## Work to be completed
Only the records, repeated exactly, should make up the response.

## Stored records
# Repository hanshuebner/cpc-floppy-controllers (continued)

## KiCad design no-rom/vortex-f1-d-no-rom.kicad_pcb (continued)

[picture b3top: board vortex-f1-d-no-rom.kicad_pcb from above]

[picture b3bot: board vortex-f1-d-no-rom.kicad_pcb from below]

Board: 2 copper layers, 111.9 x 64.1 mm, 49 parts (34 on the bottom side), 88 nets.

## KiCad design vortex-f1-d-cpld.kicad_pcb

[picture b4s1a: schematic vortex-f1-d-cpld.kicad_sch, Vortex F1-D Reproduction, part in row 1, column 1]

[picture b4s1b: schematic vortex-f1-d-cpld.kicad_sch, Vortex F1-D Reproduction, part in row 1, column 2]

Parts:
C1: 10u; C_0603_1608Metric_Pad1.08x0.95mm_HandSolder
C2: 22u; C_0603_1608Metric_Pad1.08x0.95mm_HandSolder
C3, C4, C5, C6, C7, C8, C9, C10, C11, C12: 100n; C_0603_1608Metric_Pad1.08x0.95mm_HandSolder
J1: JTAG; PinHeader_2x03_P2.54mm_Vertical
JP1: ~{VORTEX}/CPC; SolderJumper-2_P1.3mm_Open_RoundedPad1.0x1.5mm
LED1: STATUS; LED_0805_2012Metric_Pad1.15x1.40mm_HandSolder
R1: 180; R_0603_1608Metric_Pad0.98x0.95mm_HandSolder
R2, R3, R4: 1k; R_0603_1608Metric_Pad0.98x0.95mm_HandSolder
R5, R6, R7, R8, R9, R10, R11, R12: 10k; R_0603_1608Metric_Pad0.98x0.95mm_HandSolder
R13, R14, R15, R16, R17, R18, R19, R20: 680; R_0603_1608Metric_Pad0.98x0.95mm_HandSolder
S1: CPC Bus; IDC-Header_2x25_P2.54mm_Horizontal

## Finished exercise
# Repository hanshuebner/cpc-floppy-controllers (continued)

## KiCad design no-rom/vortex-f1-d-no-rom.kicad_pcb (continued)

[picture b3top: board vortex-f1-d-no-rom.kicad_pcb from above]

[picture b3bot: board vortex-f1-d-no-rom.kicad_pcb from below]

Board: 2 copper layers, 111.9 x 64.1 mm, 49 parts (34 on the bottom side), 88 nets.

## KiCad design vortex-f1-d-cpld.kicad_pcb

[picture b4s1a: schematic vortex-f1-d-cpld.kicad_sch, Vortex F1-D Reproduction, part in row 1, column 1]

[picture b4s1b: schematic vortex-f1-d-cpld.kicad_sch, Vortex F1-D Reproduction, part in row 1, column 2]

Parts:
C1: 10u; C_0603_1608Metric_Pad1.08x0.95mm_HandSolder
C2: 22u; C_0603_1608Metric_Pad1.08x0.95mm_HandSolder
C3, C4, C5, C6, C7, C8, C9, C10, C11, C12: 100n; C_0603_1608Metric_Pad1.08x0.95mm_HandSolder
J1: JTAG; PinHeader_2x03_P2.54mm_Vertical
JP1: ~{VORTEX}/CPC; SolderJumper-2_P1.3mm_Open_RoundedPad1.0x1.5mm
LED1: STATUS; LED_0805_2012Metric_Pad1.15x1.40mm_HandSolder
R1: 180; R_0603_1608Metric_Pad0.98x0.95mm_HandSolder
R2, R3, R4: 1k; R_0603_1608Metric_Pad0.98x0.95mm_HandSolder
R5, R6, R7, R8, R9, R10, R11, R12: 10k; R_0603_1608Metric_Pad0.98x0.95mm_HandSolder
R13, R14, R15, R16, R17, R18, R19, R20: 680; R_0603_1608Metric_Pad0.98x0.95mm_HandSolder
S1: CPC Bus; IDC-Header_2x25_P2.54mm_Horizontal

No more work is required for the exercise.